# BRIEF
Exactly the lines from the start of the data through the line containing "#20=DIRECTION('',(0.,-1.,0.));" should be output, with both ends kept and nothing added.

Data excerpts
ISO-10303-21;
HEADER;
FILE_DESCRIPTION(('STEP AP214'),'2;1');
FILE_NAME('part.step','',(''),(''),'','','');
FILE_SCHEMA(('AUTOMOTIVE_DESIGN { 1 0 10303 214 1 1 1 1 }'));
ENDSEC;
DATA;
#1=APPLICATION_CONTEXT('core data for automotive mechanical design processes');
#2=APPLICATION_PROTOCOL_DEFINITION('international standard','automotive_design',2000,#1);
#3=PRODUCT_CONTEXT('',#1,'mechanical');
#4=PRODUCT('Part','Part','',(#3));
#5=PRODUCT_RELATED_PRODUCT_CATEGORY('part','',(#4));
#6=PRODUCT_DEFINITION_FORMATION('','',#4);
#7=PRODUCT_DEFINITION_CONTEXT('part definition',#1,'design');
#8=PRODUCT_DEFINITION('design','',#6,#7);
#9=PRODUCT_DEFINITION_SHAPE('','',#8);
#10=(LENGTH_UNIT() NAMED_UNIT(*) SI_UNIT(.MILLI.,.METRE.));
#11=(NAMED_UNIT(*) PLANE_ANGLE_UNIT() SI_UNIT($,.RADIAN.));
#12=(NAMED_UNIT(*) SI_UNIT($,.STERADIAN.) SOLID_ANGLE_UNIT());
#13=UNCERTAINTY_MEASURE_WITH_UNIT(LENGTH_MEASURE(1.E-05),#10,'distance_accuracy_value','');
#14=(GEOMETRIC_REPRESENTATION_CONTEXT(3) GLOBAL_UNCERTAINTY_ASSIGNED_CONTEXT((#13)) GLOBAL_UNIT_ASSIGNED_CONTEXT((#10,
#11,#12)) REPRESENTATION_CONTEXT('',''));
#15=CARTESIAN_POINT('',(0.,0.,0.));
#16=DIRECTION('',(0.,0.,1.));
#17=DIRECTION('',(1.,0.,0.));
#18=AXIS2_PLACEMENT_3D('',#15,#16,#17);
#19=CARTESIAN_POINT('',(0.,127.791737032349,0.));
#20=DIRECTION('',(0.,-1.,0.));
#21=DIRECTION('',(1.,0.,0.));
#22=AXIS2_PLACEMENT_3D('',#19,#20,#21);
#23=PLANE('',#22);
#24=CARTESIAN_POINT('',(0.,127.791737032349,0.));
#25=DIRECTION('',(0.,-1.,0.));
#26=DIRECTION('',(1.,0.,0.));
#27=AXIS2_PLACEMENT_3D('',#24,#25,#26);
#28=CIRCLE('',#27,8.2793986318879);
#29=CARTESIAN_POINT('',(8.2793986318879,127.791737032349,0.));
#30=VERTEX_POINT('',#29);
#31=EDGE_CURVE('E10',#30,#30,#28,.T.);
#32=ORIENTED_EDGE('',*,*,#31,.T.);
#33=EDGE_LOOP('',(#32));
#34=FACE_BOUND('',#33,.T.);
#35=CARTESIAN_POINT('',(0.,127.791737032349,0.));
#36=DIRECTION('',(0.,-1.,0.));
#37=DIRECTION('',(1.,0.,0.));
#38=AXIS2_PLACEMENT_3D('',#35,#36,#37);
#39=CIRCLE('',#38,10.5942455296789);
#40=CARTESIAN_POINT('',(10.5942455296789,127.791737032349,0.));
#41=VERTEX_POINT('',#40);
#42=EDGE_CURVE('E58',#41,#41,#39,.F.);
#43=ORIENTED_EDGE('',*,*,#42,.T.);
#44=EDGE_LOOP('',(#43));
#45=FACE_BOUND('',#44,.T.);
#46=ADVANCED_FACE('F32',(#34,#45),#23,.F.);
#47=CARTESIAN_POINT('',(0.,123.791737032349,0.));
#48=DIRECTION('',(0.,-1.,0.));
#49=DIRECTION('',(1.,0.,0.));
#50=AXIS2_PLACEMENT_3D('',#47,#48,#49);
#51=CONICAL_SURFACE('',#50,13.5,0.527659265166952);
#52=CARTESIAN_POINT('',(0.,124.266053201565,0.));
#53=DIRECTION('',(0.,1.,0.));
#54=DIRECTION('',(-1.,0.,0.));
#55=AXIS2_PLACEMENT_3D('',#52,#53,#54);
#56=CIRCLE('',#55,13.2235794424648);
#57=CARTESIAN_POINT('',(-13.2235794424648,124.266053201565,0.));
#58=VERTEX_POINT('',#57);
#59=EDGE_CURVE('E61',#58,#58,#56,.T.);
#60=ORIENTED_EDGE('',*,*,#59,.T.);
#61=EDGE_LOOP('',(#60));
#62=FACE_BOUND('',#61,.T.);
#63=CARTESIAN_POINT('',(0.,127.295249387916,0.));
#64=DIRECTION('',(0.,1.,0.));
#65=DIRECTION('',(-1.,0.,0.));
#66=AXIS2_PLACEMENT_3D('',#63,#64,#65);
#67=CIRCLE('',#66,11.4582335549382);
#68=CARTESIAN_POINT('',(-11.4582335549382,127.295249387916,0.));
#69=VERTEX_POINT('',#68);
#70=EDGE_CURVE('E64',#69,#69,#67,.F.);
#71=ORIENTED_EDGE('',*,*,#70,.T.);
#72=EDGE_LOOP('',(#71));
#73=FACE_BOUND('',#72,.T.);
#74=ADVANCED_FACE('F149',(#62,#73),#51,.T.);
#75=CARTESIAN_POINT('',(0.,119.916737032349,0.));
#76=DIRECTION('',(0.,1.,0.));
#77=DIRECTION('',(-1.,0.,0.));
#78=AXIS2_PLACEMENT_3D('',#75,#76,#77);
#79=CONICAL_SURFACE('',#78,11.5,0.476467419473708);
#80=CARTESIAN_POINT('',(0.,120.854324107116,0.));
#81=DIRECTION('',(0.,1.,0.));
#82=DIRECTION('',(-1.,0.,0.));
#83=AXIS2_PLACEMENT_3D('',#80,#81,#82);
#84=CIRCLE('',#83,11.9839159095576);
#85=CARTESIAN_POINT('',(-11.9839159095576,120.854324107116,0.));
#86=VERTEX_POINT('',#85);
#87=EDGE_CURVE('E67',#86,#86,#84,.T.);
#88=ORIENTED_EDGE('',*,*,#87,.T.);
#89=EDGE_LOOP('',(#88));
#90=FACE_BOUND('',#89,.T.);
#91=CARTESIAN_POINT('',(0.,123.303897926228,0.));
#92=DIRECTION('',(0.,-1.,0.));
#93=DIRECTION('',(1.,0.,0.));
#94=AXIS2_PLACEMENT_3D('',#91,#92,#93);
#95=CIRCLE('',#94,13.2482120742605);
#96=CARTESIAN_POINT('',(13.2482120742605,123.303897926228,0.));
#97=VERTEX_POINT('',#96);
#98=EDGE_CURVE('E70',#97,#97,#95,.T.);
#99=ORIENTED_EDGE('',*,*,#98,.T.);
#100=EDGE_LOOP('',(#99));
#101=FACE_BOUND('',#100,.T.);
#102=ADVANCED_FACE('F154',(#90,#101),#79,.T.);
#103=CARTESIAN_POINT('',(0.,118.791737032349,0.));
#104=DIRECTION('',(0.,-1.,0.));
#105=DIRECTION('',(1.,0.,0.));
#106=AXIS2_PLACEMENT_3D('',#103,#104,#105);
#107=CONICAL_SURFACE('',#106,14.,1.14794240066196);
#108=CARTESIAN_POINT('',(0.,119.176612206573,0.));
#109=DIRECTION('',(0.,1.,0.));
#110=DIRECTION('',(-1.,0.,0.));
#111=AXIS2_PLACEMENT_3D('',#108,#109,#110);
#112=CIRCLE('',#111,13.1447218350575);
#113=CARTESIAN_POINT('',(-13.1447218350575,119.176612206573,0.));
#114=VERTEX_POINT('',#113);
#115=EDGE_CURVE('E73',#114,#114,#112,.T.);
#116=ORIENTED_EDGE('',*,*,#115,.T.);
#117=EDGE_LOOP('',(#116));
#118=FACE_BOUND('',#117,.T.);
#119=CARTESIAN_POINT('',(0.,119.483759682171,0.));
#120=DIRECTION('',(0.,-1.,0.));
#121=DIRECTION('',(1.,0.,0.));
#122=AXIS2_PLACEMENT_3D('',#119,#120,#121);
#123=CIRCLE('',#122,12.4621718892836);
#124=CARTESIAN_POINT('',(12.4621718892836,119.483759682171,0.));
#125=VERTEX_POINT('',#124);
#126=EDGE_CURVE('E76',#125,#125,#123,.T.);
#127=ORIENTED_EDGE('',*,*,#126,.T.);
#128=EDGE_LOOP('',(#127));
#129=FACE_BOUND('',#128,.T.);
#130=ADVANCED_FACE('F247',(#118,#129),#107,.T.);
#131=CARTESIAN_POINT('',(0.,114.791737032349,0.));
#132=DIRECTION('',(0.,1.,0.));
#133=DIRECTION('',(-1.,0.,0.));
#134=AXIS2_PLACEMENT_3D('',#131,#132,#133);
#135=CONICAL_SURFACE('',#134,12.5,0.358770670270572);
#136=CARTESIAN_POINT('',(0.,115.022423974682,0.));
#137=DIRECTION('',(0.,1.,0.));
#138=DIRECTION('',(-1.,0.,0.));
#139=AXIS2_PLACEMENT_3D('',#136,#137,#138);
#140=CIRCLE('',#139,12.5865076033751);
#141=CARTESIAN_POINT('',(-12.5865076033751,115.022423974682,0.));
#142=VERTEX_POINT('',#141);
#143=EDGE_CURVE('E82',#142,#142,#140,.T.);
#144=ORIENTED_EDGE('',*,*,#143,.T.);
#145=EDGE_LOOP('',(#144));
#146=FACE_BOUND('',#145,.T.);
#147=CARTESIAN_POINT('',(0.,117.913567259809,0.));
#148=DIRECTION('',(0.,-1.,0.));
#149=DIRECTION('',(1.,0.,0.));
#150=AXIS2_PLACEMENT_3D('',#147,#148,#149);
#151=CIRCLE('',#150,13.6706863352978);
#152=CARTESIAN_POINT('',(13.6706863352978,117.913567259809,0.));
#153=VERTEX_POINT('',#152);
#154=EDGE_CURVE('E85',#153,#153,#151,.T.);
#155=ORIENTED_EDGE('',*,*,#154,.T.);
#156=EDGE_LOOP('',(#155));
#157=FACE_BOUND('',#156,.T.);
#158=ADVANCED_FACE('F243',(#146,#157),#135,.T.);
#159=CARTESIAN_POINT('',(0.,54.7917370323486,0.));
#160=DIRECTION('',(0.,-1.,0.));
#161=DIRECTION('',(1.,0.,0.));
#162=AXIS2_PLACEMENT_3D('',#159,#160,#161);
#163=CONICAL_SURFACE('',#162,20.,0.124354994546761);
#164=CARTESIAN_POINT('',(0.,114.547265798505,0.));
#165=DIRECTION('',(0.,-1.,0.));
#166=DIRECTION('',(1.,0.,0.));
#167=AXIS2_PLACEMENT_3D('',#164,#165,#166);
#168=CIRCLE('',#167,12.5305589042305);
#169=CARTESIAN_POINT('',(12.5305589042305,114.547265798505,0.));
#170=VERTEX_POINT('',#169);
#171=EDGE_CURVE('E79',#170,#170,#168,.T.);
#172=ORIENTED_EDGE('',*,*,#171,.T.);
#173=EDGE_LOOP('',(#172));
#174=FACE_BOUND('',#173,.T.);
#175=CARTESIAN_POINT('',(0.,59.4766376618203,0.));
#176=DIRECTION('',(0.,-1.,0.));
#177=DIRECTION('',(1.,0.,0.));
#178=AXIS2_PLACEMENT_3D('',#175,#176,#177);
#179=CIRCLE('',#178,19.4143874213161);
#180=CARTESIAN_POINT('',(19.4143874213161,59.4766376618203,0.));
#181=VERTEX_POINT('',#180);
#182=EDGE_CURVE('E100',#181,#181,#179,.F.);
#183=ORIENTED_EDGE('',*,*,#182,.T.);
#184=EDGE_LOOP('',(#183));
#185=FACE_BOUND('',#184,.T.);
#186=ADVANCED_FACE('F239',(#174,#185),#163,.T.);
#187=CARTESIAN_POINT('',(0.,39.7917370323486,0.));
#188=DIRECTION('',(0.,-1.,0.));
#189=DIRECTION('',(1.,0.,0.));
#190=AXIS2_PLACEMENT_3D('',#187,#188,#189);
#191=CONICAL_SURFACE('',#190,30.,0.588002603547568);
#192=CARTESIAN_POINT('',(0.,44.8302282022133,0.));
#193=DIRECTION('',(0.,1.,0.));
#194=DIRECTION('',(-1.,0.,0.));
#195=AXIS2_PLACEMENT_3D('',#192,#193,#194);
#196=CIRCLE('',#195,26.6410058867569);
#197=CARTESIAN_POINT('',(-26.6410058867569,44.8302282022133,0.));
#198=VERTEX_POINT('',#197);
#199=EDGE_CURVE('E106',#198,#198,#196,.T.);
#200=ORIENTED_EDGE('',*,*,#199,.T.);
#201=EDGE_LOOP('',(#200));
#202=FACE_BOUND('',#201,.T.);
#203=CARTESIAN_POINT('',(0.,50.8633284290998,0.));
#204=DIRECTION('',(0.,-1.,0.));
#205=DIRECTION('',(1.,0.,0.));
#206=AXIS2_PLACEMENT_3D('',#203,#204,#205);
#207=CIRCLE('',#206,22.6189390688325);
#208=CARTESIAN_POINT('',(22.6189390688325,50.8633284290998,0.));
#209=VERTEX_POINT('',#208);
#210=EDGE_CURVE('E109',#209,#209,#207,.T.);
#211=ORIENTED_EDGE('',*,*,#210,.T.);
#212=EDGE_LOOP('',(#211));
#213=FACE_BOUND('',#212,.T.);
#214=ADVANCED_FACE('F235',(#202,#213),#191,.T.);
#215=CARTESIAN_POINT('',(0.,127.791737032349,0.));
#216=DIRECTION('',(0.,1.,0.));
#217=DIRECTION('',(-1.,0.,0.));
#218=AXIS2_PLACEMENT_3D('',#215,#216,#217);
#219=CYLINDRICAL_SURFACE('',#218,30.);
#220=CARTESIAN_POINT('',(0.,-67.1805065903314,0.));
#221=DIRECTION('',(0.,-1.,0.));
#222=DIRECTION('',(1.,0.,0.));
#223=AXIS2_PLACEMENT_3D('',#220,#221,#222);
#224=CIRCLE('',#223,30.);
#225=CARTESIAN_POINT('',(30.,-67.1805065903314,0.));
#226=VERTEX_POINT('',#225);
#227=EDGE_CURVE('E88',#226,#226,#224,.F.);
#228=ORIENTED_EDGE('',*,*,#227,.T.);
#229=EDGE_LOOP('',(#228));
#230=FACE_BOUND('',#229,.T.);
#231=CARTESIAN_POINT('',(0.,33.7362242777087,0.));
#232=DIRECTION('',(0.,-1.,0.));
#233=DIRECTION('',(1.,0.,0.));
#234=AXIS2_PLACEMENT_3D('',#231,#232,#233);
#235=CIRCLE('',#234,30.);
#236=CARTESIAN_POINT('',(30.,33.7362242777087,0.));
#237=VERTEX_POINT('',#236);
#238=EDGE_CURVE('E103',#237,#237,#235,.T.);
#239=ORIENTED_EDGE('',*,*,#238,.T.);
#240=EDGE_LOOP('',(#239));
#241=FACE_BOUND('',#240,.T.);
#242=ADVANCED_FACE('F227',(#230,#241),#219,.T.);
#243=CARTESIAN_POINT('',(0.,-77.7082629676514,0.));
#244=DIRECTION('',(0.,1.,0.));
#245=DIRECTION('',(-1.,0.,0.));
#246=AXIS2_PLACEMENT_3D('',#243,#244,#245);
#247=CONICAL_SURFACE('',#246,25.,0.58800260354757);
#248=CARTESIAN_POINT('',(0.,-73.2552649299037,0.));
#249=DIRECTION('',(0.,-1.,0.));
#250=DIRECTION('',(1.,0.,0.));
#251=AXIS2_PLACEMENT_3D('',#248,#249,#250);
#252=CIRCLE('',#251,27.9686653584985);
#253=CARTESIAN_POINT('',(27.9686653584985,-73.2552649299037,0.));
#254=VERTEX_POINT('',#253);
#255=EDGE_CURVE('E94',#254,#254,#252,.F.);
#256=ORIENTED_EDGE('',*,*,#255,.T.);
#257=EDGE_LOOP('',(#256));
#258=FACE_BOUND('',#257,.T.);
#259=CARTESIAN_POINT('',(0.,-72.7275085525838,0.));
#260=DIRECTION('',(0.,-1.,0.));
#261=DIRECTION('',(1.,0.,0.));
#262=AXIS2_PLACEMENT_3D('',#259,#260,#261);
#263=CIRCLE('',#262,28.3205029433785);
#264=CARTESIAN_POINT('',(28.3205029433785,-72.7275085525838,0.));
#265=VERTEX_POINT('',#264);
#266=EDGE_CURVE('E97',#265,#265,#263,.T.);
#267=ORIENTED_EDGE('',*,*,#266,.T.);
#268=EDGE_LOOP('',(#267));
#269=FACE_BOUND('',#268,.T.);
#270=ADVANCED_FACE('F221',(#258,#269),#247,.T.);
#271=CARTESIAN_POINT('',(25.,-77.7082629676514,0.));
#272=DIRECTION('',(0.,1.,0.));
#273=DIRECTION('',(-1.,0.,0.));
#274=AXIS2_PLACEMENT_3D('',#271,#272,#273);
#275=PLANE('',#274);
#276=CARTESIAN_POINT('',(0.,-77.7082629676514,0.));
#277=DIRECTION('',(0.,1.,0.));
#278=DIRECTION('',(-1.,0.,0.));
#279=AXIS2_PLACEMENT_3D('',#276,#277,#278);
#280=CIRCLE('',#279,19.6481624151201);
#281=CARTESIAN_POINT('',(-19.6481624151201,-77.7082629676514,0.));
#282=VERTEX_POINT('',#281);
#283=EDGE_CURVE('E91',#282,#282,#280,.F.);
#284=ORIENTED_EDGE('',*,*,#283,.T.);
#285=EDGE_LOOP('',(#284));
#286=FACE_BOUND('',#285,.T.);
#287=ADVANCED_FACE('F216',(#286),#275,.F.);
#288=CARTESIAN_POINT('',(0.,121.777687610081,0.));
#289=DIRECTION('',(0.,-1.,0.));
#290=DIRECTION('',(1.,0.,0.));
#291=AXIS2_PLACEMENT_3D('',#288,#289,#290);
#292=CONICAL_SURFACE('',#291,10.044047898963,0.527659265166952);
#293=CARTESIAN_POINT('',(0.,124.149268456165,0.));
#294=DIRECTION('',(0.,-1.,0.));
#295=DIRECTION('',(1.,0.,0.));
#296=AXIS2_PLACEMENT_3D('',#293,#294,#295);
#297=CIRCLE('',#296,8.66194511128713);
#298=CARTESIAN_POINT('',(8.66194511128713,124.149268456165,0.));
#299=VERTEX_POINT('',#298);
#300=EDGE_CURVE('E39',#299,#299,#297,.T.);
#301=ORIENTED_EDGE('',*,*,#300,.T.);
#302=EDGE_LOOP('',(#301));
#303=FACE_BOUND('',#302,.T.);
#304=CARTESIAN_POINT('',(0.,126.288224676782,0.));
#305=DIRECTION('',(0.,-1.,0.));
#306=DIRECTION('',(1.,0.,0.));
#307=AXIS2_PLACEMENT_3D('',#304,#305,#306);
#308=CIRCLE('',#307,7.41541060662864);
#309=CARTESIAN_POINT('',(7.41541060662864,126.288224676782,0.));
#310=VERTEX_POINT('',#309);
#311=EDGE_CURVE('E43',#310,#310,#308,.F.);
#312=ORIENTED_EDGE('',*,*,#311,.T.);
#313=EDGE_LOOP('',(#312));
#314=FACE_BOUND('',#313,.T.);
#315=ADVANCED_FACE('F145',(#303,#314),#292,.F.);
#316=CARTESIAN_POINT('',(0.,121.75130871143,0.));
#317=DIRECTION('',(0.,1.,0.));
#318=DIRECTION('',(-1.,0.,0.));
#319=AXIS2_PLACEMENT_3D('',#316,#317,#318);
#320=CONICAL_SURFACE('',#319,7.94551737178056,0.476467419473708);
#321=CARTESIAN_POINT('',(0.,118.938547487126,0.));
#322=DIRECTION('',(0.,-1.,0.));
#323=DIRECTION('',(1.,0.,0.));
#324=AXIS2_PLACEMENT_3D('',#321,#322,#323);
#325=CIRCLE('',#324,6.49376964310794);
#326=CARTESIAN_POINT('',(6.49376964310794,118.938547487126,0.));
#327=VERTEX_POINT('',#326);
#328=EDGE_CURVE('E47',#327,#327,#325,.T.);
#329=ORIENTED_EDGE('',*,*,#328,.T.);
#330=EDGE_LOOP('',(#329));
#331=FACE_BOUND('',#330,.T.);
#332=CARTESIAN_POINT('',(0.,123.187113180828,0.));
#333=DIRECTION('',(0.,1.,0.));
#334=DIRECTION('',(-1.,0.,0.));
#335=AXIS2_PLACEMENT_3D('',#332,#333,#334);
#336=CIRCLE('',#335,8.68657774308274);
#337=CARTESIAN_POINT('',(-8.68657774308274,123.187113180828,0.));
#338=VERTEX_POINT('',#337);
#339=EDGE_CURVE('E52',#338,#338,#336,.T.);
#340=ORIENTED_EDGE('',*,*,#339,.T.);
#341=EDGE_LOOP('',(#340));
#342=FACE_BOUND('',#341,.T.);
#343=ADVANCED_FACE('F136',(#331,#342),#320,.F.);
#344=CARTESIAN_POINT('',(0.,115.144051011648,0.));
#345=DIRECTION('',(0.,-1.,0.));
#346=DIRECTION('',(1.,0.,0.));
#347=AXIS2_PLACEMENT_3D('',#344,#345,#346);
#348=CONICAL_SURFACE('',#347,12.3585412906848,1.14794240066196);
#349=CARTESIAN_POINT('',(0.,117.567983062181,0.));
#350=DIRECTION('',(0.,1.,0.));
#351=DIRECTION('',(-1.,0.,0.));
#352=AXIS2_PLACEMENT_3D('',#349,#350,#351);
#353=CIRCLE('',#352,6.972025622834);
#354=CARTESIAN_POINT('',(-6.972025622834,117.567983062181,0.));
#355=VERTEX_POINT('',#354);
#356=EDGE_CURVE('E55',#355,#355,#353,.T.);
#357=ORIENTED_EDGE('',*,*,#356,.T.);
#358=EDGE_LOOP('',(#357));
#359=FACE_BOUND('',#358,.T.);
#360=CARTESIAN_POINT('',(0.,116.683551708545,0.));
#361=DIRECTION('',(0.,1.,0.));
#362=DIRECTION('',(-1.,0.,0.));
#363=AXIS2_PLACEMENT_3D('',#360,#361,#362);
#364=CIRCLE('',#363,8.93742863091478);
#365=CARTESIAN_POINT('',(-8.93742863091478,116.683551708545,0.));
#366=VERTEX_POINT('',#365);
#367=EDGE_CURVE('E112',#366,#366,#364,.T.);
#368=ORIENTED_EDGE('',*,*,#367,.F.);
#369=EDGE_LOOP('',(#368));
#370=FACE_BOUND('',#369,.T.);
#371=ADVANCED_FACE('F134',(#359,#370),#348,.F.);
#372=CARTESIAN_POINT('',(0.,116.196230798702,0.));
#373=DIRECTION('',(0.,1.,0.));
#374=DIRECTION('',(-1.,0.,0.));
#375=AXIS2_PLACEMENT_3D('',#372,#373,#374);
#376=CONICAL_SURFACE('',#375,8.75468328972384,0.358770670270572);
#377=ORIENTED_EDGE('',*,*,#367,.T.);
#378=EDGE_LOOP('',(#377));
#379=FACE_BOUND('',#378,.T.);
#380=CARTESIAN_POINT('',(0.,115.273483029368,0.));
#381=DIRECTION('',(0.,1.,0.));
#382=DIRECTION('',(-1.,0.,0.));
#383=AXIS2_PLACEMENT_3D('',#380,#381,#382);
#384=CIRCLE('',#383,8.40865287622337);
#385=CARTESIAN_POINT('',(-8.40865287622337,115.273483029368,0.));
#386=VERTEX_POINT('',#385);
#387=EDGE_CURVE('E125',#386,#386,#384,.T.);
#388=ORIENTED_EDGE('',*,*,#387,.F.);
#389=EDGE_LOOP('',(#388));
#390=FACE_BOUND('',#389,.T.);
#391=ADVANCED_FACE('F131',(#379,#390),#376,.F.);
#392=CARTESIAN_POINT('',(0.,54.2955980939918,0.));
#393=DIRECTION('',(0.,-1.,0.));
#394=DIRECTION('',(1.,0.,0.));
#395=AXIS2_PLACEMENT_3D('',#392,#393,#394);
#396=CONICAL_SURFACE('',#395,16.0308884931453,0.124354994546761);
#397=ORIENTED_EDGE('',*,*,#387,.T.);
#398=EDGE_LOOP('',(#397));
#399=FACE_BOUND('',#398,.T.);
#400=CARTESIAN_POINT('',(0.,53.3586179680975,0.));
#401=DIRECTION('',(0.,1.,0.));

# OUTPUT FOR THIS TASK
ISO-10303-21;
HEADER;
FILE_DESCRIPTION(('STEP AP214'),'2;1');
FILE_NAME('part.step','',(''),(''),'','','');
FILE_SCHEMA(('AUTOMOTIVE_DESIGN { 1 0 10303 214 1 1 1 1 }'));
ENDSEC;
DATA;
#1=APPLICATION_CONTEXT('core data for automotive mechanical design processes');
#2=APPLICATION_PROTOCOL_DEFINITION('international standard','automotive_design',2000,#1);
#3=PRODUCT_CONTEXT('',#1,'mechanical');
#4=PRODUCT('Part','Part','',(#3));
#5=PRODUCT_RELATED_PRODUCT_CATEGORY('part','',(#4));
#6=PRODUCT_DEFINITION_FORMATION('','',#4);
#7=PRODUCT_DEFINITION_CONTEXT('part definition',#1,'design');
#8=PRODUCT_DEFINITION('design','',#6,#7);
#9=PRODUCT_DEFINITION_SHAPE('','',#8);
#10=(LENGTH_UNIT() NAMED_UNIT(*) SI_UNIT(.MILLI.,.METRE.));
#11=(NAMED_UNIT(*) PLANE_ANGLE_UNIT() SI_UNIT($,.RADIAN.));
#12=(NAMED_UNIT(*) SI_UNIT($,.STERADIAN.) SOLID_ANGLE_UNIT());
#13=UNCERTAINTY_MEASURE_WITH_UNIT(LENGTH_MEASURE(1.E-05),#10,'distance_accuracy_value','');
#14=(GEOMETRIC_REPRESENTATION_CONTEXT(3) GLOBAL_UNCERTAINTY_ASSIGNED_CONTEXT((#13)) GLOBAL_UNIT_ASSIGNED_CONTEXT((#10,
#11,#12)) REPRESENTATION_CONTEXT('',''));
#15=CARTESIAN_POINT('',(0.,0.,0.));
#16=DIRECTION('',(0.,0.,1.));
#17=DIRECTION('',(1.,0.,0.));
#18=AXIS2_PLACEMENT_3D('',#15,#16,#17);
#19=CARTESIAN_POINT('',(0.,127.791737032349,0.));
#20=DIRECTION('',(0.,-1.,0.));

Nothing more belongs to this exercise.